Expectations will be higher this year. With Gobert and such a deep lineup overall, pundits are already starting to see the Wolves as a clear-cut playoff team and possibly even a Top 4 seed. This is in a healthier Western Conference that should generate a harder schedule, too.
A concern would be that higher expectations will cause more adversity and the most important people will respond poorly to it. That could be Ant and KAT sharing the spotlight, or KAT and Rudy trying to share the frontcourt, or Chris Finch and a player or two getting tired of each other. It would be the exception to the rule if the Timberwolves entered the ranks of the league’s most competitive teams and did NOT face some sort of personality or locker-room conflict, and it’s impossible to foresee how that shakes out. It is almost too certain a thing to bother worrying about it — like feeling anxiety over the possibility of sub-zero temps in Minneapolis this winter.
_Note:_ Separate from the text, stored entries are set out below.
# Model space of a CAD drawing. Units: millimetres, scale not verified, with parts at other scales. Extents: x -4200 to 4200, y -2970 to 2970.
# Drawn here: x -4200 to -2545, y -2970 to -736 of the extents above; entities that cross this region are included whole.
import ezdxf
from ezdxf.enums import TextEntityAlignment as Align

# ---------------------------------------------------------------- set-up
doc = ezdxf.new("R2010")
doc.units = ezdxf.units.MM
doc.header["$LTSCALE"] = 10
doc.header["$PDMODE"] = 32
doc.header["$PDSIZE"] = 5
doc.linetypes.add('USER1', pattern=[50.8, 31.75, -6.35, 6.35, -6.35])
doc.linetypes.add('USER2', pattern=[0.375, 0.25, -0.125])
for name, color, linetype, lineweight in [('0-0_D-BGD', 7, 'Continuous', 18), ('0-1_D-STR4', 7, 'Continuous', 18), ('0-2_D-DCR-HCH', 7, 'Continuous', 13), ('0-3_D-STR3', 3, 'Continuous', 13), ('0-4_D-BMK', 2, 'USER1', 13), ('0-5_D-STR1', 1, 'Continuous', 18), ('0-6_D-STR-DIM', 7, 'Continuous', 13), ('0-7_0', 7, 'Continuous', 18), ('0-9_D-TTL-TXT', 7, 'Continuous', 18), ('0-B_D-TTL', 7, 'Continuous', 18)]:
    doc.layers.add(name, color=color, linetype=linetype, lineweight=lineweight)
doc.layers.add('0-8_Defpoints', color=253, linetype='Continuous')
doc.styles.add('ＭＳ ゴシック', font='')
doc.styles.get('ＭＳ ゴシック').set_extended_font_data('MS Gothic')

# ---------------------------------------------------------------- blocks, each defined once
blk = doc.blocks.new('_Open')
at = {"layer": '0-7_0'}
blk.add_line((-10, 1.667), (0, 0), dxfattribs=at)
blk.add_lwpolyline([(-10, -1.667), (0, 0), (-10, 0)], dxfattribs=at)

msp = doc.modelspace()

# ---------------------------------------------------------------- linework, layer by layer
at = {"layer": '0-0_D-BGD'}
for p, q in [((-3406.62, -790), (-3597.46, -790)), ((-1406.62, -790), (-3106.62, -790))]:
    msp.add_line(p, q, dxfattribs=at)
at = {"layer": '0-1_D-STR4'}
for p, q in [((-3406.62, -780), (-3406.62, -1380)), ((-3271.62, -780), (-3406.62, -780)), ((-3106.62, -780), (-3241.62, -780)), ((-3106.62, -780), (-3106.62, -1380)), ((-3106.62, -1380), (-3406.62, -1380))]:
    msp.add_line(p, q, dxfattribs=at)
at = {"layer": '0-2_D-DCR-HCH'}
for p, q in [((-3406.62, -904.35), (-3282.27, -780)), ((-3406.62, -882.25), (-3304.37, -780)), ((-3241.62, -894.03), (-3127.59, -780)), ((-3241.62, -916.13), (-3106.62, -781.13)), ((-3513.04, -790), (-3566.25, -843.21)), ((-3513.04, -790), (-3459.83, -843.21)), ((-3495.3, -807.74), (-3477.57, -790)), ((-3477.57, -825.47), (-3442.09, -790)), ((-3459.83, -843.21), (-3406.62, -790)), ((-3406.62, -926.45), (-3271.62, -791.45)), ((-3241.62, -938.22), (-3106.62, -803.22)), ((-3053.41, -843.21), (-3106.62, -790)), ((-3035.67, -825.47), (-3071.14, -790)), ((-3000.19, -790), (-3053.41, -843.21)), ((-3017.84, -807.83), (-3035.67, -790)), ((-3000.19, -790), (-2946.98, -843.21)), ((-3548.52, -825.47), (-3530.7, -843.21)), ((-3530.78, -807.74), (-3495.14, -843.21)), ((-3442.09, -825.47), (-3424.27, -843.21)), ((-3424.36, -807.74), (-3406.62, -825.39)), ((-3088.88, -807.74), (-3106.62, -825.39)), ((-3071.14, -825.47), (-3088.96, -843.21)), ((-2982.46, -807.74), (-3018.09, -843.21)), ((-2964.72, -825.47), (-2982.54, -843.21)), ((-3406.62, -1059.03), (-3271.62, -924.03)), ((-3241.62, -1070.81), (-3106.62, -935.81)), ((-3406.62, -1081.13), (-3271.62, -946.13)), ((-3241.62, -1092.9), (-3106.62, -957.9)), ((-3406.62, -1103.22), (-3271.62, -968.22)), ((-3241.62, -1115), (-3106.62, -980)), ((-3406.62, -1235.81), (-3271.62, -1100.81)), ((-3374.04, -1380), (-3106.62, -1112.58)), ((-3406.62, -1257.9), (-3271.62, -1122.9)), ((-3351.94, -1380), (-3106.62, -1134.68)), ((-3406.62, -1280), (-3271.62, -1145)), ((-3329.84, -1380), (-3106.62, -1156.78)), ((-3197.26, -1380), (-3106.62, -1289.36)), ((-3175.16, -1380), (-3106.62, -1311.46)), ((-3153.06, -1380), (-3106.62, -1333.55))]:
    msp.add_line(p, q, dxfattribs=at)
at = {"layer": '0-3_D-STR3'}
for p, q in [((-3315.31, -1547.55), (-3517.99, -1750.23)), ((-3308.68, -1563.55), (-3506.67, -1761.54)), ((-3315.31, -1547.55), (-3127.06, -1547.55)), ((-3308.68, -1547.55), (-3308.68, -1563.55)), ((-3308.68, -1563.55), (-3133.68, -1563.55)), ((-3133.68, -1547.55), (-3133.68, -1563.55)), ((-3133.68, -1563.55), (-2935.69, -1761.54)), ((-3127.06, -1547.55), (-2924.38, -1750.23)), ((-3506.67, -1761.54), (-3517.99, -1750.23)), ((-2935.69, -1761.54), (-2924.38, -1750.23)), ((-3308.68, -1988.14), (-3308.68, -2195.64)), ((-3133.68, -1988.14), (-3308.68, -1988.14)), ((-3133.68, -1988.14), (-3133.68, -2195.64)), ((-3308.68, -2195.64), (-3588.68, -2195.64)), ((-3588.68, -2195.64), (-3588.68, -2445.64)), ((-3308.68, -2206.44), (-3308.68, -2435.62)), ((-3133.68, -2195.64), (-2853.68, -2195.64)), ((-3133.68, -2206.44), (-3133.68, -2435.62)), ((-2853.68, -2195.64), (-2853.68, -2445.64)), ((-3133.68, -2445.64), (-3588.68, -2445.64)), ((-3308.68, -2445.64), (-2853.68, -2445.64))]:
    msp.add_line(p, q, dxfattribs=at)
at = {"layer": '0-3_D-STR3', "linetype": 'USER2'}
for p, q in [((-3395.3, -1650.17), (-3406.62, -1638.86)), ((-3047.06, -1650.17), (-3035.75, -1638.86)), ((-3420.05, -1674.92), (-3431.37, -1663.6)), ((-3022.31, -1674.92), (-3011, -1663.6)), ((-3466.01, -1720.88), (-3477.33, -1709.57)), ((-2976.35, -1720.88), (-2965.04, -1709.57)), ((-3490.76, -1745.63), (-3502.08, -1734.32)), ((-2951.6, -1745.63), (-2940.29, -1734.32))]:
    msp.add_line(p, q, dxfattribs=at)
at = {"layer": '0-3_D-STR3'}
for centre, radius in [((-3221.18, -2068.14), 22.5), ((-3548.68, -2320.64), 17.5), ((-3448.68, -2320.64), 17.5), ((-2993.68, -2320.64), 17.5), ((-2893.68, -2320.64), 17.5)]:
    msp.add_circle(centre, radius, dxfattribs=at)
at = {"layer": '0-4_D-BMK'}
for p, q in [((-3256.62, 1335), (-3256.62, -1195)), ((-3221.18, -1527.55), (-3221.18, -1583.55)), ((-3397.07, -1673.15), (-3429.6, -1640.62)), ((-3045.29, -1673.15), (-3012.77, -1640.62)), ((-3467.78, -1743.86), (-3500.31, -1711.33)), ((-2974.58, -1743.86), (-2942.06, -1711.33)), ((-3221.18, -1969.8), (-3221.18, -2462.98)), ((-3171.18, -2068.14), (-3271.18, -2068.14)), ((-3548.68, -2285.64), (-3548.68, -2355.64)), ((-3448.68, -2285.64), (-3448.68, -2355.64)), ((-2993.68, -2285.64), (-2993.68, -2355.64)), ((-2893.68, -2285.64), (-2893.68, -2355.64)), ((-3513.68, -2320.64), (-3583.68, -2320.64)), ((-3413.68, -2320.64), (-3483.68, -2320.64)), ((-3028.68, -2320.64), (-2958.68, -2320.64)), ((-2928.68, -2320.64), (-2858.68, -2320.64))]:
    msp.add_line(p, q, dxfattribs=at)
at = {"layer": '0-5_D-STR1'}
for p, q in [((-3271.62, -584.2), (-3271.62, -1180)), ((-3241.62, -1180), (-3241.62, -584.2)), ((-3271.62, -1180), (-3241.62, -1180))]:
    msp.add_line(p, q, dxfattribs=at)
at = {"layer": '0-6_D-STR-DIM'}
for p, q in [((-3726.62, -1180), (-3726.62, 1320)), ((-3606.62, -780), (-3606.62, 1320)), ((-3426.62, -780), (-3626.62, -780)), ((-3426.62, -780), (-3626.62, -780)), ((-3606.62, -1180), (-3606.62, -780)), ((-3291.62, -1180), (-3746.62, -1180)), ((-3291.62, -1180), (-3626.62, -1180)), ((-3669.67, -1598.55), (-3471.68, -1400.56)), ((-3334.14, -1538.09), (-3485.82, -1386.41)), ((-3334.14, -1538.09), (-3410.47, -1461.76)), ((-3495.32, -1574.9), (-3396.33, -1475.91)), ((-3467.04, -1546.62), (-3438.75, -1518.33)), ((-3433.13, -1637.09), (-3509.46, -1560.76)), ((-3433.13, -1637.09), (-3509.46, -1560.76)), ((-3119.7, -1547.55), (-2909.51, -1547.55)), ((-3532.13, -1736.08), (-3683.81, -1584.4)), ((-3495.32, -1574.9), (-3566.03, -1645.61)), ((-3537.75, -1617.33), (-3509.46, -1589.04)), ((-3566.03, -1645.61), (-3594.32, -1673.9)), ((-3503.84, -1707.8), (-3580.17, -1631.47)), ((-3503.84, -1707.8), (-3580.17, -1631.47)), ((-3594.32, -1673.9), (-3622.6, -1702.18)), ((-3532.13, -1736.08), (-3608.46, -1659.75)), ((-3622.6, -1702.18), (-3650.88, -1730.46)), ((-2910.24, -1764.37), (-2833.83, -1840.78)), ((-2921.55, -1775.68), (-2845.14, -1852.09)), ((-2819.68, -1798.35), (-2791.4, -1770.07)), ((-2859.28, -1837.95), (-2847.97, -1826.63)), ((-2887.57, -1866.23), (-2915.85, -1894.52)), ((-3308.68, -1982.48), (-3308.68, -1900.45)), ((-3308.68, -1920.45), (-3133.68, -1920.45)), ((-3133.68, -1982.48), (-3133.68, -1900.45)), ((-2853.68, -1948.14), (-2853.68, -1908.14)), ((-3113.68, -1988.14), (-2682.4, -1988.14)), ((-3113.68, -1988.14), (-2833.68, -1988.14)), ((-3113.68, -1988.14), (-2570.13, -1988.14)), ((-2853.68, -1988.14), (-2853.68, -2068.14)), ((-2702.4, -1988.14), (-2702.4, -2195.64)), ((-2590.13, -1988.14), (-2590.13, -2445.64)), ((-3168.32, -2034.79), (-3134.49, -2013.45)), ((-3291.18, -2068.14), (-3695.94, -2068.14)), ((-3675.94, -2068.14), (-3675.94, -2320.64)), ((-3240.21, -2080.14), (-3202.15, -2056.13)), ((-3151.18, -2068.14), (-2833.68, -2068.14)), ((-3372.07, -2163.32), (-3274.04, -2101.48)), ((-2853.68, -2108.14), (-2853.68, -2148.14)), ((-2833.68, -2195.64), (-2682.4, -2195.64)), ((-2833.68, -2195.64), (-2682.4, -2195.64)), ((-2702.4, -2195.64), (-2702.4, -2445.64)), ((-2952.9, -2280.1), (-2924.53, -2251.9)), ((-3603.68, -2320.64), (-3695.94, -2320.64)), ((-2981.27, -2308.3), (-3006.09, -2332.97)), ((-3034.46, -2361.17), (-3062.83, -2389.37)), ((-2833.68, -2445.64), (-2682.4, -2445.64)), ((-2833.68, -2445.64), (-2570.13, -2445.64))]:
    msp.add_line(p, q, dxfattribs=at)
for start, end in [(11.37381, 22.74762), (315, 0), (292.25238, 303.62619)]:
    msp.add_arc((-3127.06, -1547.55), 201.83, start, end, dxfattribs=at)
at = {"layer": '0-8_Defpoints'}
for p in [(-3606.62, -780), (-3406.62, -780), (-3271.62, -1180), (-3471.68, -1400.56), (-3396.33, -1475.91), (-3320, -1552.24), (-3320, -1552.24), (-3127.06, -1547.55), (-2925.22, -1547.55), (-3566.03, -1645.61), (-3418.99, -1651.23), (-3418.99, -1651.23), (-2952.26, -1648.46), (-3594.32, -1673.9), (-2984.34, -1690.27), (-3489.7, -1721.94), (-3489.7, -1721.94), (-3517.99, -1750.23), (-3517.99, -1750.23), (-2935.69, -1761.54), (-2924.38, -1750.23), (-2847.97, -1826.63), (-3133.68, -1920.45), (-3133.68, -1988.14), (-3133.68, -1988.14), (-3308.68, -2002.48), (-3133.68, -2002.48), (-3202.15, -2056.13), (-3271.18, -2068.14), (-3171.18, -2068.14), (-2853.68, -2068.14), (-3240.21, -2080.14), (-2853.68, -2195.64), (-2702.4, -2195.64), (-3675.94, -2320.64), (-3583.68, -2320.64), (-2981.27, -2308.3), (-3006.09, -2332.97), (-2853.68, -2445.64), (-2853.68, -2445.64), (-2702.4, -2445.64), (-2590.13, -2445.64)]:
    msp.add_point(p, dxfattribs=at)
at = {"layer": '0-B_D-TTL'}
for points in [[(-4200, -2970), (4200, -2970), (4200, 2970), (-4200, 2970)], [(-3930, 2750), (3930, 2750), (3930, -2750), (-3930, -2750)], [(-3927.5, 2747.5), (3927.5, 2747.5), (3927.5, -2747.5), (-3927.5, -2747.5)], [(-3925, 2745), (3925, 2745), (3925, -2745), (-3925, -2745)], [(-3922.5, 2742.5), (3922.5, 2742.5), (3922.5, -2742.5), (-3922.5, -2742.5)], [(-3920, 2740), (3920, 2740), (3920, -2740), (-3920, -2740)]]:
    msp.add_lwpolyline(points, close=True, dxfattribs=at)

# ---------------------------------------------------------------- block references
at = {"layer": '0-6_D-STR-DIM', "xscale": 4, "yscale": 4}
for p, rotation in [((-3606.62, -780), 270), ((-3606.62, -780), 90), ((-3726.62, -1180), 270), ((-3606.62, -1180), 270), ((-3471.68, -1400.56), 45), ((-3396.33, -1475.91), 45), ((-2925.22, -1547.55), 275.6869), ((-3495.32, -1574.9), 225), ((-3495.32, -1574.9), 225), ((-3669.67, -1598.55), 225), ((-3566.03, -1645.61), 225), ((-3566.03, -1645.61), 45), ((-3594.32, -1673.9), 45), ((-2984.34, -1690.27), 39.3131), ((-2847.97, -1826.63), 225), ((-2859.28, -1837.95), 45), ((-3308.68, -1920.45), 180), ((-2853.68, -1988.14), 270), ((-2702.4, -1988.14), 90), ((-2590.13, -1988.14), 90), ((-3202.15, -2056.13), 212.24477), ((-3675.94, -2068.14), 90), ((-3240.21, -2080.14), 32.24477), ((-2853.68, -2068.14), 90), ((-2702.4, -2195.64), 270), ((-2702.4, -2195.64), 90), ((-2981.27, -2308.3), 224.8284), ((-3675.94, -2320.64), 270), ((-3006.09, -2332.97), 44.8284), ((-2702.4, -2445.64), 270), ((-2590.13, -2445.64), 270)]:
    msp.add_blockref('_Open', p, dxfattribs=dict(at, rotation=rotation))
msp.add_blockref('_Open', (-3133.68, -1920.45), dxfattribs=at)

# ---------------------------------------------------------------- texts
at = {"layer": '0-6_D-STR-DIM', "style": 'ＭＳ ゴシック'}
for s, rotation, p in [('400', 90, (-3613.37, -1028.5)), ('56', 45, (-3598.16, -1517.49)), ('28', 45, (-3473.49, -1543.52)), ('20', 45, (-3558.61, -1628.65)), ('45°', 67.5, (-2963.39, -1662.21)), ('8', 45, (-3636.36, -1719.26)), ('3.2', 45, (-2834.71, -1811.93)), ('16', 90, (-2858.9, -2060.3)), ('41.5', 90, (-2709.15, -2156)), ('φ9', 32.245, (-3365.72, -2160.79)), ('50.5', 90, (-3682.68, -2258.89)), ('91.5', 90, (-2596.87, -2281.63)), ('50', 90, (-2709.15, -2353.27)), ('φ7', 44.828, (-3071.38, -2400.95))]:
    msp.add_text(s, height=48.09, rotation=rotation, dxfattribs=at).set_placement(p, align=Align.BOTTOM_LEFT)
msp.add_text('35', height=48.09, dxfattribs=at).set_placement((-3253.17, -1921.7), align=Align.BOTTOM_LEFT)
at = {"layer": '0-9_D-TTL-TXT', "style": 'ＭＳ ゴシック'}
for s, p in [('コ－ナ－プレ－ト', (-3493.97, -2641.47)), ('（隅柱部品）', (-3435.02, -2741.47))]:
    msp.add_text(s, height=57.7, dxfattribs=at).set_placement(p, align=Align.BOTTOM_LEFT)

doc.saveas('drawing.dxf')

With that said, however, the whole premise begins with a positive note; the one at the front of this post. The Timberwolves are loaded. Good basketball is better than bad basketball. If more winning causes more tension at times, we file that away as a “good problem to have.” Additionally, with this Wolves team, I look forward to watching them face the best teams in the league this year. Of course in an 82-game season anything can happen on any night — winning one of those games does not necessarily mean much. But fans of the Wolves understand that when they’ve faced the Sixers or Bucks — teams with physically dominant superstars — they were the underdog, and might even get blown out. With Gobert, that should no longer be the case. As basic a concept as it sounds, a fun part of this season will be watching the biggest matchups in hopes of not only winning the game, but appearing as the better team.